Sean Spicer, back on message: Reality isn't real and we should all pity poor Donald Trump

At least the suit fit this time: Spicer's comeback presser was an improvement on Crowdgate, but not by much

Published January 24, 2017 4:35PM (EST)

 (AP/Pablo Martinez Monsivais)
(AP/Pablo Martinez Monsivais)

Important questions hovered over the White House before press secretary Sean Spicer’s first official briefing on Monday, the fourth day of our new national nightmare. Among them: Would Spicer moderate Saturday’s Baghdad Bob-esque “Imperialist troops have been repulsed by the mighty Iraqi army” performance, in which he made numerous false claims about the size of the crowds at the inauguration, which earned him almost 48 hours of opprobrium and mockery? Would he try to repair the damage that Saturday’s tantrum did to his nascent relationship with the White House press corps? Would he wear a suit that fit?

An hour and 15 minutes later, we had our answers: Somewhat, meh and yes.

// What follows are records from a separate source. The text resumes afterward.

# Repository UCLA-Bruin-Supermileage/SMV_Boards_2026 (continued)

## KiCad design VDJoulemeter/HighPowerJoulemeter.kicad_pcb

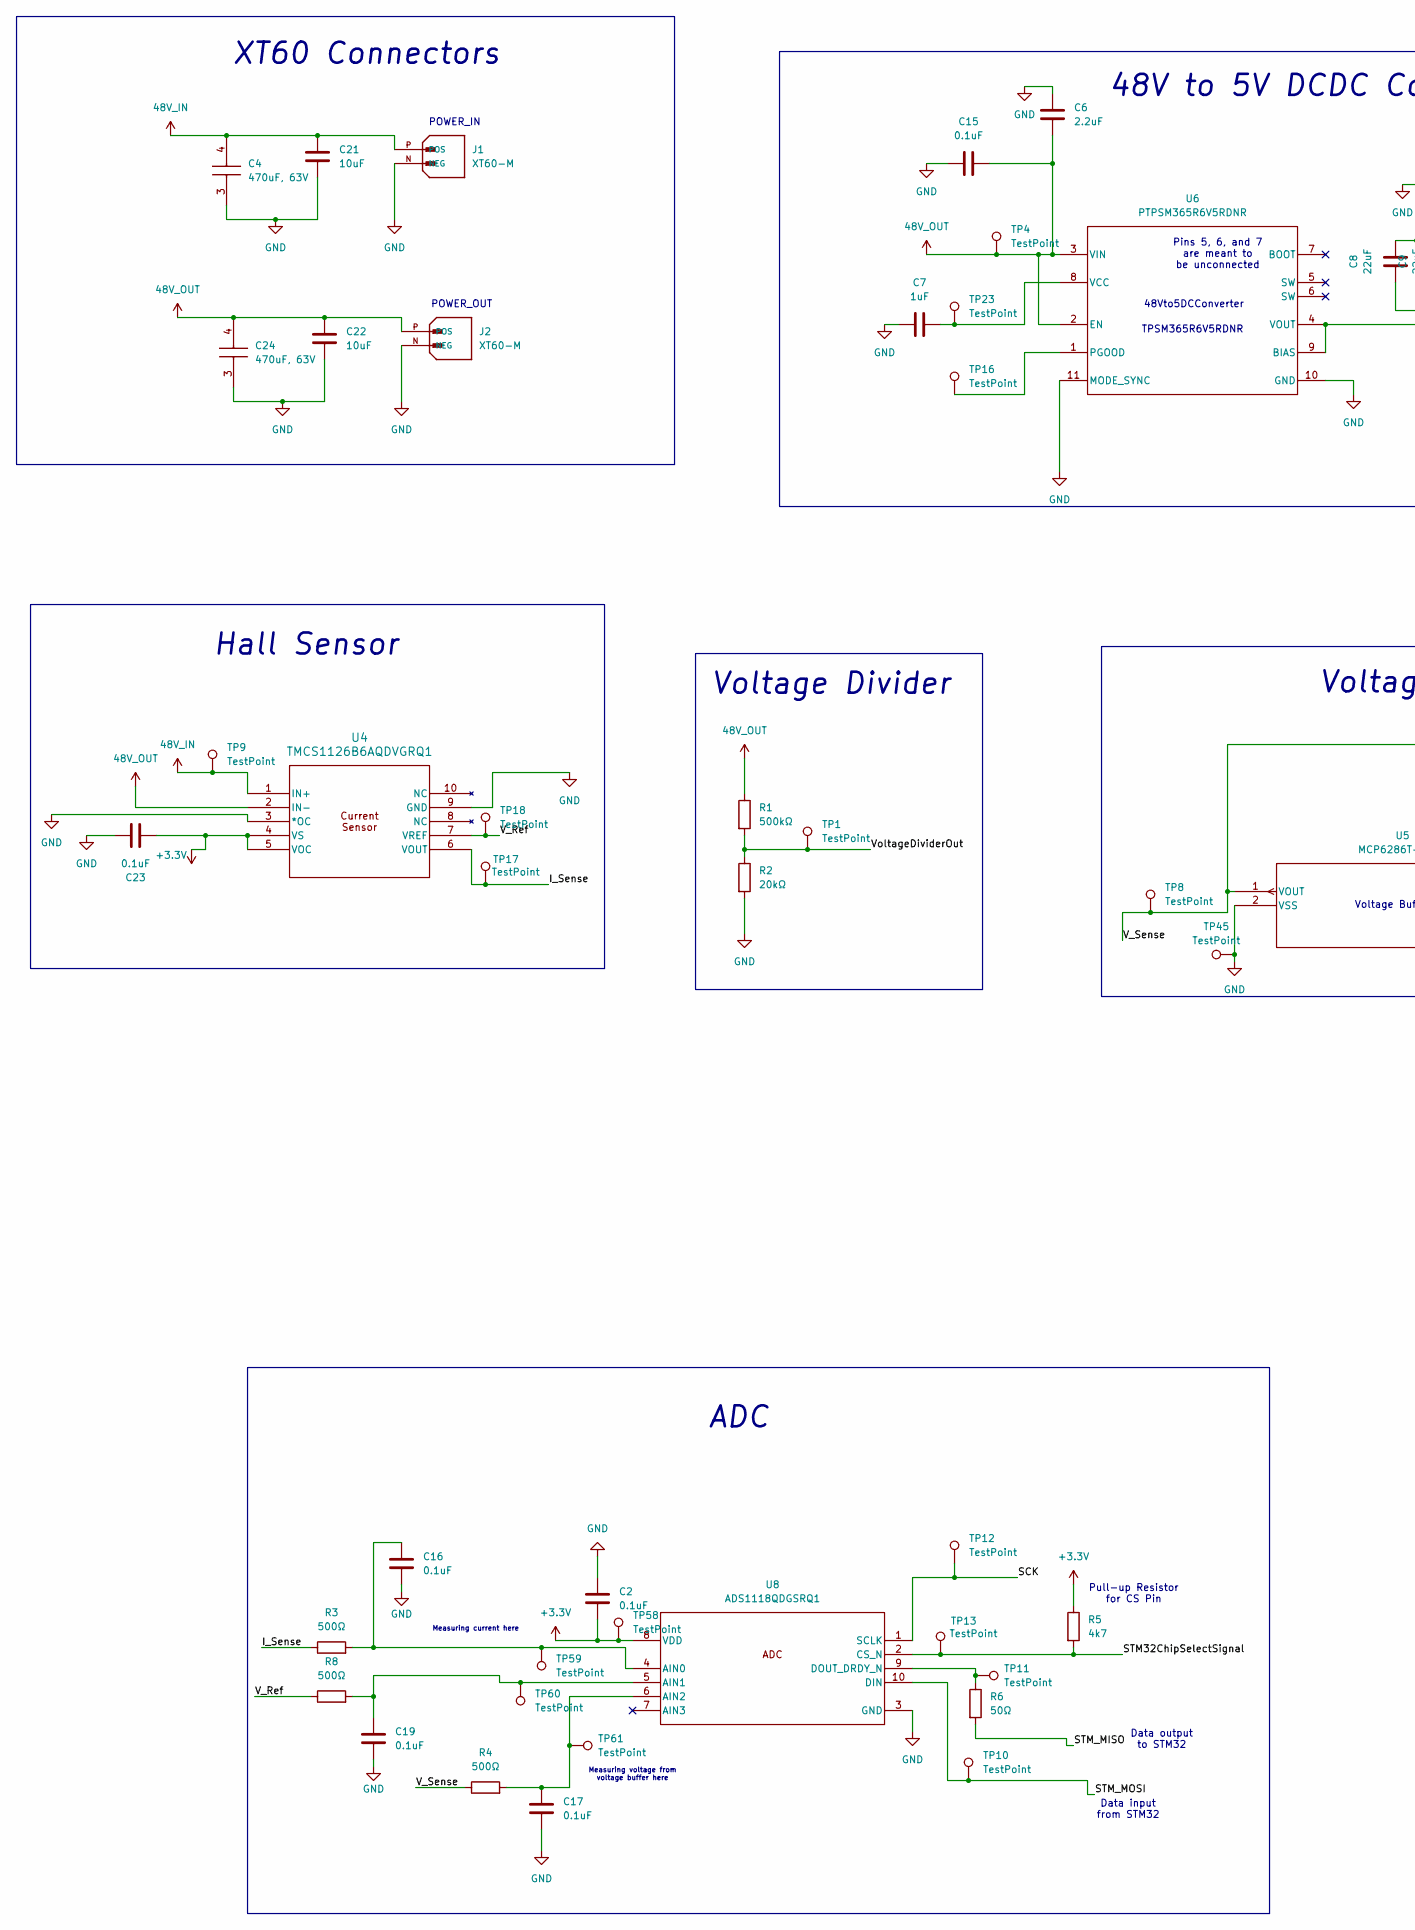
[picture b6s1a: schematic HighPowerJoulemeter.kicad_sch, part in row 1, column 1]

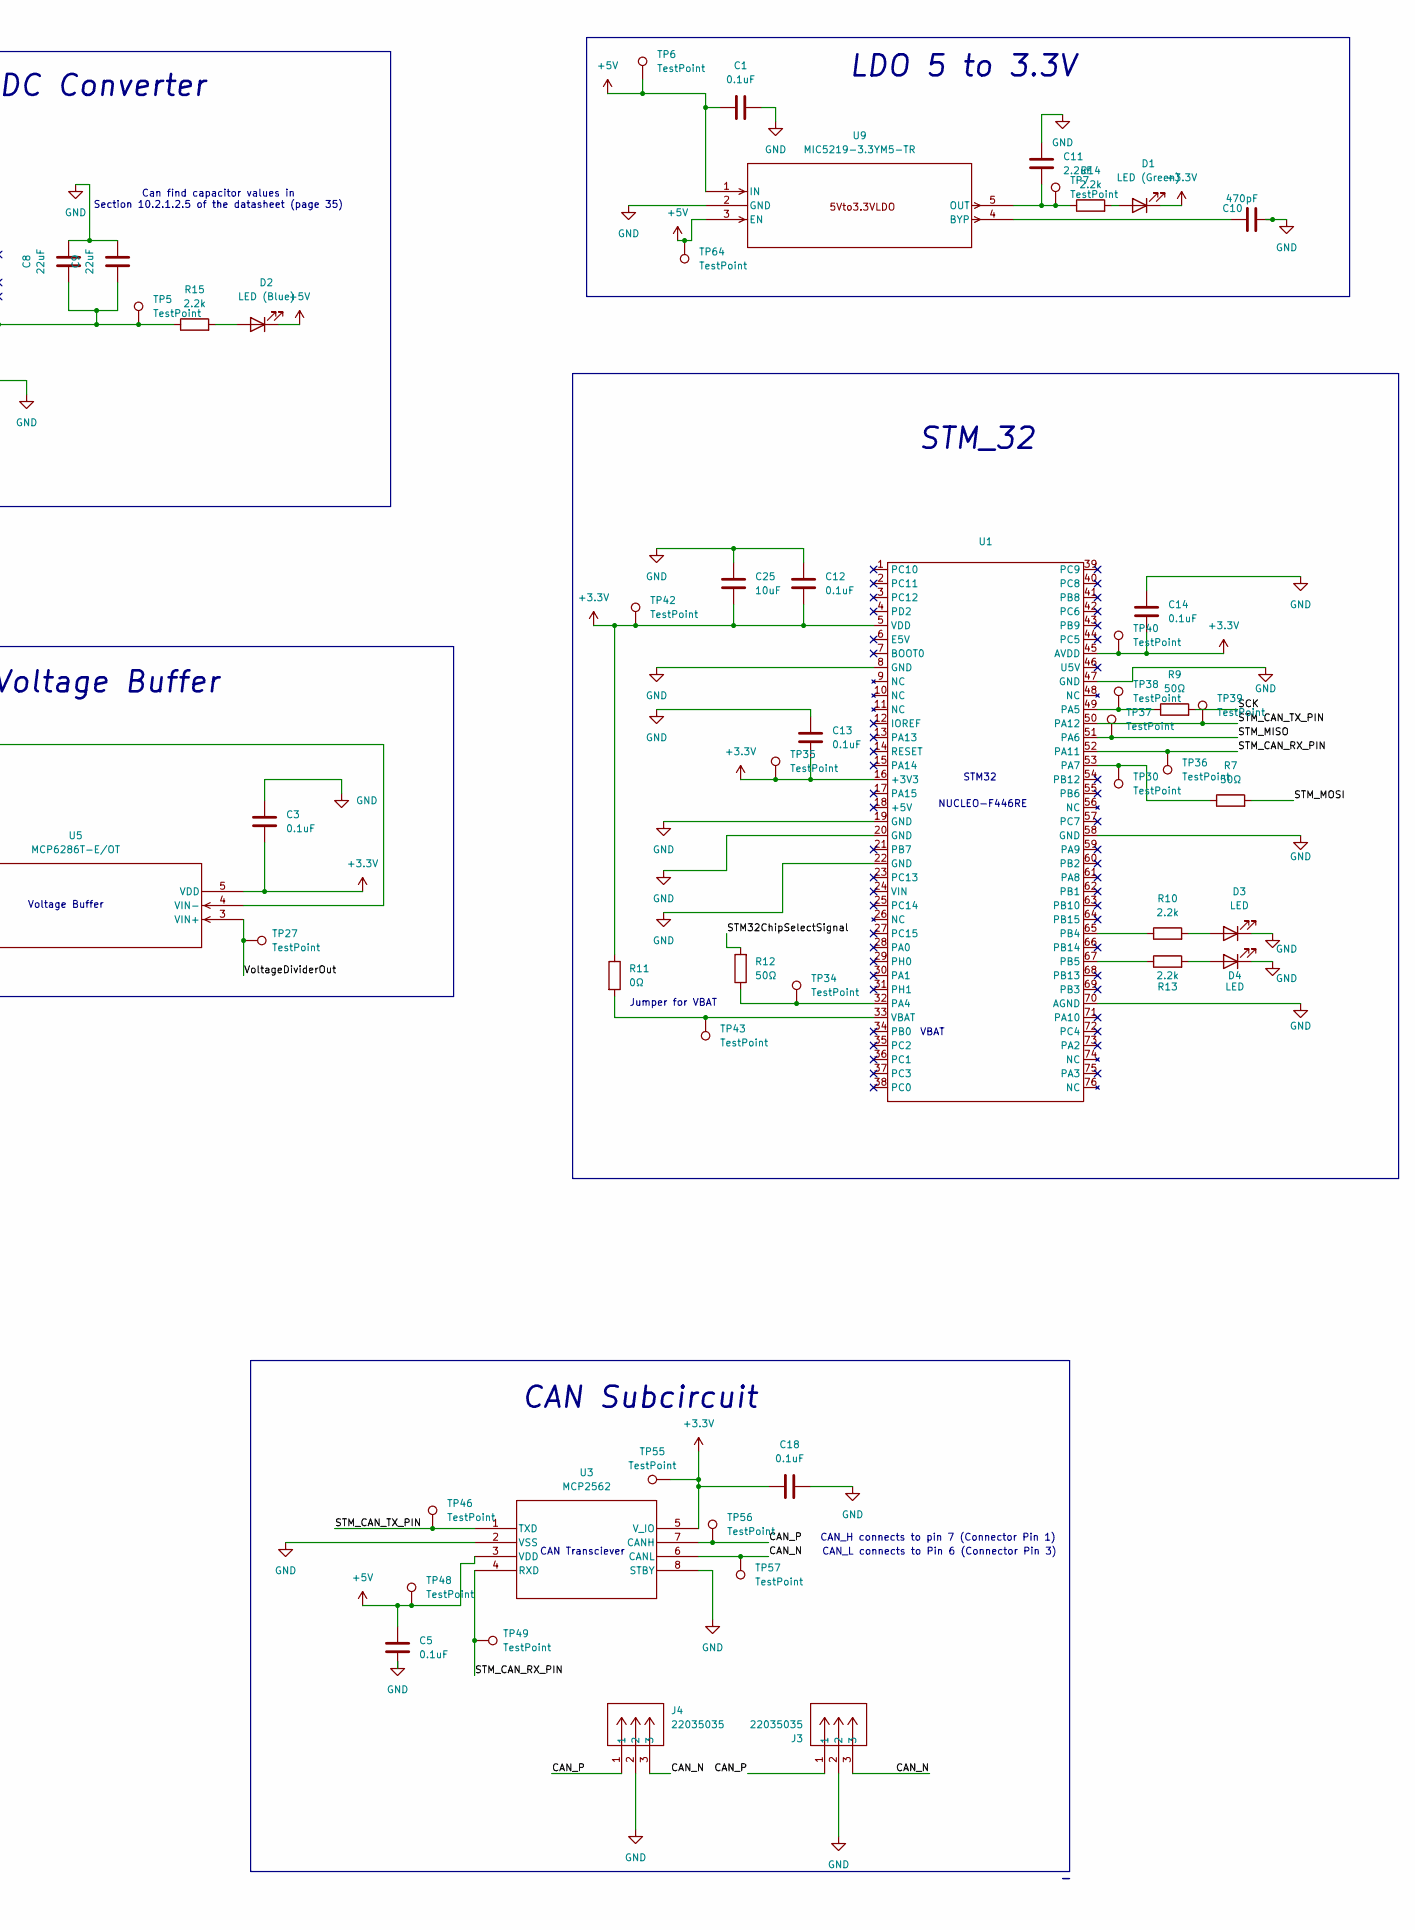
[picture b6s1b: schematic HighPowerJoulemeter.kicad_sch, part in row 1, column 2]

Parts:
C1, C2, C3, C5, C12, C13, C14, C15, C16, C17, C18, C19, C23: 0.1uF; C_0805_2012Metric_Pad1.18x1.45mm_HandSolder
C4, C24: 470uF, 63V; Big_Chunky_Cap; Manufacturer_Part_Number C0805C102K5GACTU; Mouser Part Number 80-C0805C102K5G
C6, C11: 2.2uF; C_0805_2012Metric_Pad1.18x1.45mm_HandSolder
C7: 1uF; C_0805_2012Metric_Pad1.18x1.45mm_HandSolder
C8, C9: 22uF; C_0805_2012Metric_Pad1.18x1.45mm_HandSolder
C10: 470pF; C_0805_2012Metric_Pad1.18x1.45mm_HandSolder
C21, C22, C25: 10uF; C_0805_2012Metric_Pad1.18x1.45mm_HandSolder
D1: LED (Green); R_0201_0603Metric
D2: LED (Blue); R_0201_0603Metric
D3, D4: LED; R_0201_0603Metric
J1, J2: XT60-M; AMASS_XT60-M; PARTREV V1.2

To the first question, I’ll give Spicer marginal credit. He managed for at least part of the time to sound less angry and hectoring than he had on Saturday. Much of the policy talk was bog-standard, hard-right Republican dogma mixed with a sprinkling of this new era’s Trumpian braggadocio and nationalism. Asked whether Trump is still planning to lower the corporate tax rate to 15 percent, Spicer said that the president “knows better than anybody how to make a great deal.” He called Trump's decision to pull out of the Trans-Pacific Partnership trade deal “symbolic around the world of a new era of trade policy . . . that’s going to put American workers first and foremost.” Close your eyes and imagine a heavy Queens accent and you could have been in an arena in New Hampshire last February.

It was when Spicer abandoned the policy talk for two whiny and extended monologues that he revealed how this administration will continue trying to bend reality to avoid hurting the new president’s fragile self-esteem. In these two rants, Spicer played the victim on behalf of Trump and his staff, who find all the negative stories “demoralizing.” Trump himself is frustrated with the media’s reporting of his “lack of support” from the public, which is “undercutting” him “and this great movement he represents.”

No one should have to point out to Spicer that the president now theoretically represents all Americans, even the majority of voters who cast their ballots for his opponent. No one should have to point out to him that it is not the job of the press to feed Trump’s narcissistic delusions about his support. It is simply a fact, and not an “alternative” one, that he enters office with the lowest approval rating of any incoming president in history. It is a fact that opposition to his stated policies and those of the hard-right Republicans of Congress resulted this weekend in some of the largest and most widespread protest marches seen in this country in a couple of generations, and has by some accounts invigorated liberal and leftist organizing and activism to fight these GOP positions.

But Spicer is going to try to co-opt the press into acknowledging Trump’s warped view of reality, and Monday’s briefing revealed his strategy for doing so. He will shame reporters for not being as nice to Trump as he thinks he deserves. Spicer will portray the administration as poor, put-upon sufferers of unfair media spin. He will berate members of the press for any observation, no matter how true. (“Sometimes we can disagree with the facts,” he told them Monday.) He will criticize journalists for being adversarial in any way and try to beat them into submission. He will do all of this in a whiny and defensive posture meant to show Trump’s supporters that their dreams of making America great again are being sabotaged by the terrible liberals of the White House press pool.

Early returns on this plan were mixed. Some longtime reporters and observers gave Spicer solid marks for the effort. Other White House reporters were unimpressed. The public will need much more of the latter. The policy changes already being instituted by this administration are going to hurt a lot of people, and it is not the job of the media to soft-soap that fact — that terrible word again! — for the president — no matter how much his lackeys might worry about upsetting him by letting him hear the truth.

And if you were wondering, Monday’s suit did seem to fit.